Sethifus: Did you know he´s married and has a three-year-old kid?
Monday. 8.18.08 1:33 pm
It all began in the middle of nowhere in the Icelandic highlands with an Italian, an American, a Costa Rican, two Swiss, a bottle of vodka and a pair of dice.
On second thought, perhaps I should tell a different story.
It has always been a fantasy of mine to discover a secret waterfall. When Sebastian suggested that we follow the river into the soft-walled canyon leading into the volcano, a waterfall was not what I expected. But as we clamored over the loose pumice, talus, and ash, we traveled further and further back in time, back to when the volcano was just a tuya, a bit of magma coming out beneath an immense glacier, perhaps some 10,000 years ago. The walls of the canyon became high and dark, with stacks upon stacks of pillow lavas, which are usually found when a volcano erupts deep within the sea, but in this case occured where the magma was making its own tiny ocean beneath the ice. He was a reckless sort, always sliding about on the steep slopes and perching on the highest points. I was leading, but really I was following him; his presence made me reckless and invincible, and I slid down slopes and jumped over chasms as my fear and practical nature melted away.
And then we turned a bend and there was the waterfall, our own secret waterfall, cascading out of a notch in the pillows and beating a deep pool into the lava layers below.
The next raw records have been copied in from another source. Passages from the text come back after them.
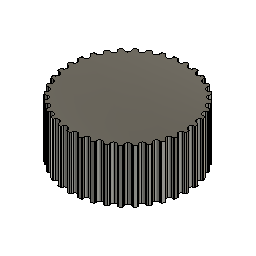
gear_36z (Autodesk Fusion 360 design; units mm, degrees)
Autodesk Fusion 360 part; units mm, degrees
sketch "Sketch1" plane through (0, 0, 0) normal (0, 0, 1) x (1, 0, 0) in component "gt2 pulley"
  circle A0 centre (0, 0) radius 11.4592 construction
  circle A1 centre (0, 0) radius 10.4552 construction
  line L0 (0, 0) -> (0, 11.4592) construction
  line L1 (0, 0) -> (0.9987, 11.4156) construction
  line L2 (0, 0) -> (1.4091, 11.3722) construction
  circle A2 centre (0, 0) radius 11.2052 construction
  arc A3 (0.3796, 11.0616) -> (0.4379, 10.7789) centre (1.3779, 11.1201) ccw
  circle A4 centre (0, 0) radius 11.0552 construction
  arc A5 (0.2329, 11.2027) -> (0, 11.2052) centre (0, 0) ccw
  arc A6 (0.3796, 11.0616) -> (0.2329, 11.2027) centre (0.2299, 11.0528) ccw
  arc A7 (0.4379, 10.7789) -> (0.9112, 10.4154) centre (0.9596, 10.9683) ccw
  arc A8 (0, 11.2052) -> (-0.2329, 11.2027) centre (0, 0) ccw
  arc A9 (-0.2329, 11.2027) -> (-0.3796, 11.0616) centre (-0.2299, 11.0528) ccw
  arc A10 (-0.4379, 10.7789) -> (-0.3796, 11.0616) centre (-1.3779, 11.1201) ccw
  arc A11 (-0.9112, 10.4154) -> (-0.4379, 10.7789) centre (-0.9596, 10.9683) ccw
  arc A12 (0.9112, 10.4154) -> (-0.9112, 10.4154) centre (0, 0) ccw
  point P0 (1.3779, 11.1201)
  point P1 (0, 11.2052)
  dimension "d18" = 22.9183
  dimension "d19" = 5
  dimension "d22" = 1.004
  dimension "d24" = 0.75
  dimension "d26" = 1
  dimension "d27" = 0.15
  dimension "d28" = 0.15
  dimension "d47" = 0.555
  dimension "d52" = 3.812
  constraint coincident A0.centre A1.centre
  constraint coincident A0 L0.end
  constraint vertical L0
  constraint coincident A0 L1.end
  constraint coincident A0 L2.end
  constraint concentric A1 A2
  constraint coincident A1 A7.end
  constraint coincident L1 A7.end
  constraint coincident A2 P0
  constraint coincident L2 P0
  constraint coincident P0 A3.centre
  constraint coincident A2 P1
  constraint coincident L0 P1
  constraint concentric A2 A4
  constraint coincident P1 A5.end
  constraint coincident A4 A6.centre
  constraint coincident A3.start A6.start
  constraint tangent A3 A6
  constraint tangent A3 A7
  constraint symmetric L0 A7.end A11.start
  constraint symmetric L0 A3.start A9.end
  constraint symmetric L0 A3.end A10.start
  constraint symmetric L0 A3 A10
  constraint symmetric L0 A5.start A8.end
  constraint symmetric L0 P1 A5.end
  constraint symmetric L0 A5 A8
  constraint symmetric L0 A6 A9
  constraint symmetric L0 A7 A11
  constraint coincident A1 A11.start
  constraint tangent A1 A7
  constraint coincident L1 A7.centre
  measures "d18" diameter of A0
  measures "d19" angle of L0 L1
  measures "d22" distance of A0 A1
  measures "d24" distance of A1 A2
  measures "d26" radius of A3
  measures "d27" distance of A2 A4
  measures "d28" radius of A6
  measures "d47" radius of A7
extrude "Extrude1" add sketch "Sketch1" along normal blind 10 makes body 1
pattern_circular "C-Pattern1" count 36 over 360 about axis through (0, 0, 1.75) along (0, 0, 1) of bodies 1 makes body 2 at (-1.113, 10.3957, 3.3333) makes body 3 at (-4.234, 9.5595, 6.6667) makes body 4 at (-5.8296, 8.679, 6.6667) makes body 5 at (-6.7978, 7.9436, 6.6667) makes body 6 at (-8.4465, 6.1618, 6.6667) makes body 7 at (-9.3881, 4.6015, 6.6667) makes body 8 at (-10.0445, 2.9013, 6.6667) makes body 9 at (-10.1495, 2.5097, 3.3333) makes body 10 at (-10.4311, -0.7091, 6.6667) makes body 11 at (-10.1495, -2.5097, 6.6667) makes body 12 at (-9.5595, -4.234, 6.6667) makes body 13 at (-8.679, -5.8296, 6.6667) makes body 14 at (-7.9436, -6.7978, 6.6667) makes body 15 at (-6.1618, -8.4465, 6.6667) makes body 16 at (-4.6015, -9.3881, 6.6667) makes body 17 at (-3.4804, -9.8588, 6.6667) makes body 18 at (-1.113, -10.3957, 6.6667) makes body 19 at (0.7091, -10.4311, 6.6667) makes body 20 at (1.113, -10.3957, 3.3333) makes body 21 at (4.234, -9.5595, 6.6667) makes body 22 at (5.8296, -8.679, 6.6667) makes body 23 at (6.7978, -7.9436, 6.6667) makes body 24 at (8.4465, -6.1618, 6.6667) makes body 25 at (9.1047, -5.1395, 6.6667) makes body 26 at (9.8588, -3.4804, 6.6667) makes body 27 at (10.3957, -1.113, 6.6667) makes body 28 at (10.4311, 0.7091, 6.6667) makes body 29 at (10.1495, 2.5097, 6.6667) makes body 30 at (9.5595, 4.234, 6.6667) makes body 31 at (8.679, 5.8296, 6.6667) makes body 32 at (7.9436, 6.7978, 6.6667) makes body 33 at (7.2482, 7.5349, 3.3333) makes body 34 at (5.1395, 9.1047, 6.6667) makes body 35 at (2.9013, 10.0445, 6.6667) makes body 36 at (1.113, 10.3957, 6.6667)
sketch "Sketch2" plane through (0, 0, 10) normal (0, 0, 1) x (-1, 0, 0)
  arc A0 (-9.7694, -5.202) -> (-9.8183, -5.3997) centre (-9.6869, -5.3273) ccw
  arc A1 (-9.8183, -5.3997) -> (-9.5854, -5.8031) centre (0, 0) ccw
  arc A2 (-9.5854, -5.8031) -> (-9.3898, -5.8595) centre (-9.457, -5.7254) ccw
  arc A3 (-9.1158, -5.7687) -> (-9.3898, -5.8595) centre (-8.9414, -6.7533) ccw
  arc A4 (-8.5644, -5.9968) -> (-9.1158, -5.7687) centre (-9.019, -6.3152) ccw
  arc A5 (-9.4756, -4.4185) -> (-8.5644, -5.9968) centre (0, 0) ccw
  arc A6 (-9.5537, -5.0102) -> (-9.4756, -4.4185) centre (-9.9786, -4.6531) ccw
  arc A7 (-9.7694, -5.202) -> (-9.5537, -5.0102) centre (-10.3192, -4.3668) ccw
  circle A8 centre (0, 0) radius 10.4552
  constraint concentric A1 A8
extrude "Extrude2" add sketch "Sketch2" against normal blind 10 contours A5 A8 bodies 1 2 3 4 5 6 7 8 9 10 11 12 13 14 15 16 17 18 19 20 21 22 23 24 25 26 27 28 29 30 31 32 33 34 35 36
extrude "Extrude4" [suppressed] in component "gt2 pulley"
pattern_circular "C-Pattern7" [suppressed] in component "gt2 pulley"
extrude "Extrude3" [suppressed] in component "gt2 pulley"
pattern_circular "C-Pattern6" [suppressed] in component "gt2 pulley"
extrude "Extrude2'" [suppressed] in component "gt2 pulley"
pattern_circular "C-Pattern5" [suppressed] in component "gt2 pulley"
extrude "Extrude1'" [suppressed] in component "gt2 pulley"
pattern_circular "C-Pattern4" [suppressed] in component "gt2 pulley"
pattern_circular "C-Pattern3" [suppressed] in component "gt2 pulley"
pattern_circular "C-Pattern2" [suppressed] in component "gt2 pulley"
pattern_circular "C-Pattern1'" [suppressed] in component "gt2 pulley"
copy_body "Body->Comp1" [suppressed] in component "Component"
copy_body "Body->Comp2" [suppressed] in component "Component'"
copy_body "Body->Comp3" [suppressed] in component "Component''"
copy_body "Body->Comp4" [suppressed] in component "Component'''"
copy_body "Body->Comp5" [suppressed] in component "Component''''"
copy_body "Body->Comp6" [suppressed] in component "Component'''''"
copy_body "Body->Comp7" [suppressed] in component "Component''''''"
copy_body "Body->Comp8" [suppressed] in component "Component'''''''"
copy_body "Body->Comp9" [suppressed] in component "Component''''''''"
copy_body "Body->Comp10" [suppressed] in component "Component'''''''''"
copy_body "Body->Comp11" [suppressed] in component "Component''''''''''"
copy_body "Body->Comp12" [suppressed] in component "Component'''''''''''"
copy_body "Body->Comp13" [suppressed] in component "Component''''''''''''"
copy_body "Body->Comp14" [suppressed] in component "Component'''''''''''''"
copy_body "Body->Comp15" [suppressed] in component "Component''''''''''''''"
copy_body "Body->Comp16" [suppressed] in component "Component'''''''''''''''"
copy_body "Body->Comp17" [suppressed] in component "Component''''''''''''''''"
copy_body "Body->Comp18" [suppressed] in component "Component'''''''''''''''''"
copy_body "Body->Comp19" [suppressed] in component "Component''''''''''''''''''"
copy_body "Body->Comp20" [suppressed] in component "Component'''''''''''''''''''"
component "gt2 pulley" placed x (1, 0, 0) y (0, 1, 0) z (0, 0, 1) at (0, 0, 0)
equation "NumTeeth = 36" comment "min 20"
equation "ToothPitch = 2 mm"
equation "PullyDia = NumTeeth * ToothPitch / PI"
equation "ToothAng = ( ( 360 / NumTeeth ) * 1 deg )"
equation "TransOffsetAngle = ToothAng * 0.2"
equation "Sholulder_Radius = 0.15 mm"
equation "Root_Radius = 0.555 mm"
equation "TransRadius = 1 mm"
equation "ToolHeight = 0.75 mm"
equation "PLD = 0.254 mm"
equation "d18 = PullyDia"
equation "d19 = ToothAng / 2"
equation "d22 = PLD + ToolHeight"
equation "d24 = ToolHeight"
equation "d26 = TransRadius"
equation "d27 = Sholulder_Radius"
equation "d31 = NumTeeth"
equation "d33 = NumTeeth"
equation "d35 = NumTeeth"
equation "d37 = NumTeeth"
equation "d41 = NumTeeth"
equation "d45 = NumTeeth"
equation "d47 = Root_Radius"
equation "d50 = NumTeeth"

There was also a wide, wispy waterfall facing it, coming right out of an aquifer in the rock and disappearing before it reached the surface. We leaped around the waterfall, throwing pumice into the pool and watching as it bobbed and then floated away.
We made our return along the river instead of on the trail, jumping from side to side and hiding under a large polygonal snowbank that hadn´t yet melted. He suggested that we climb up a very steep, loose slope to an outlook. In some places there were caves below the ash on the slope from glaciers which have melted out from underneath and which collapsed when you stepped on them. But since he suggested it, I agreed, and we tramped up the slope and loped over the crevasses to the highest point, where he whistled at the people in the camp way below until they acknowledged how deliciously high above them we were.
And Sebastian and I returned to camp, unharmed, and I could add this adventure to the many adventures I´ve had that have taught me this valuable lesson about traveling:
You can do a lot of really stupid things, and nothing bad will happen to you.
More later on how you can do things that don´t seem so stupid and die from them.
NEXT TIME ON... ICELANDIC NEWS.
Monday. 8.11.08 5:41 pm
You could say that I´m learning Icelandic the hard way.
As in, 'I wonder what ´farin´means?'
Oh... it means 'departed', aka, your flight left an hour ago.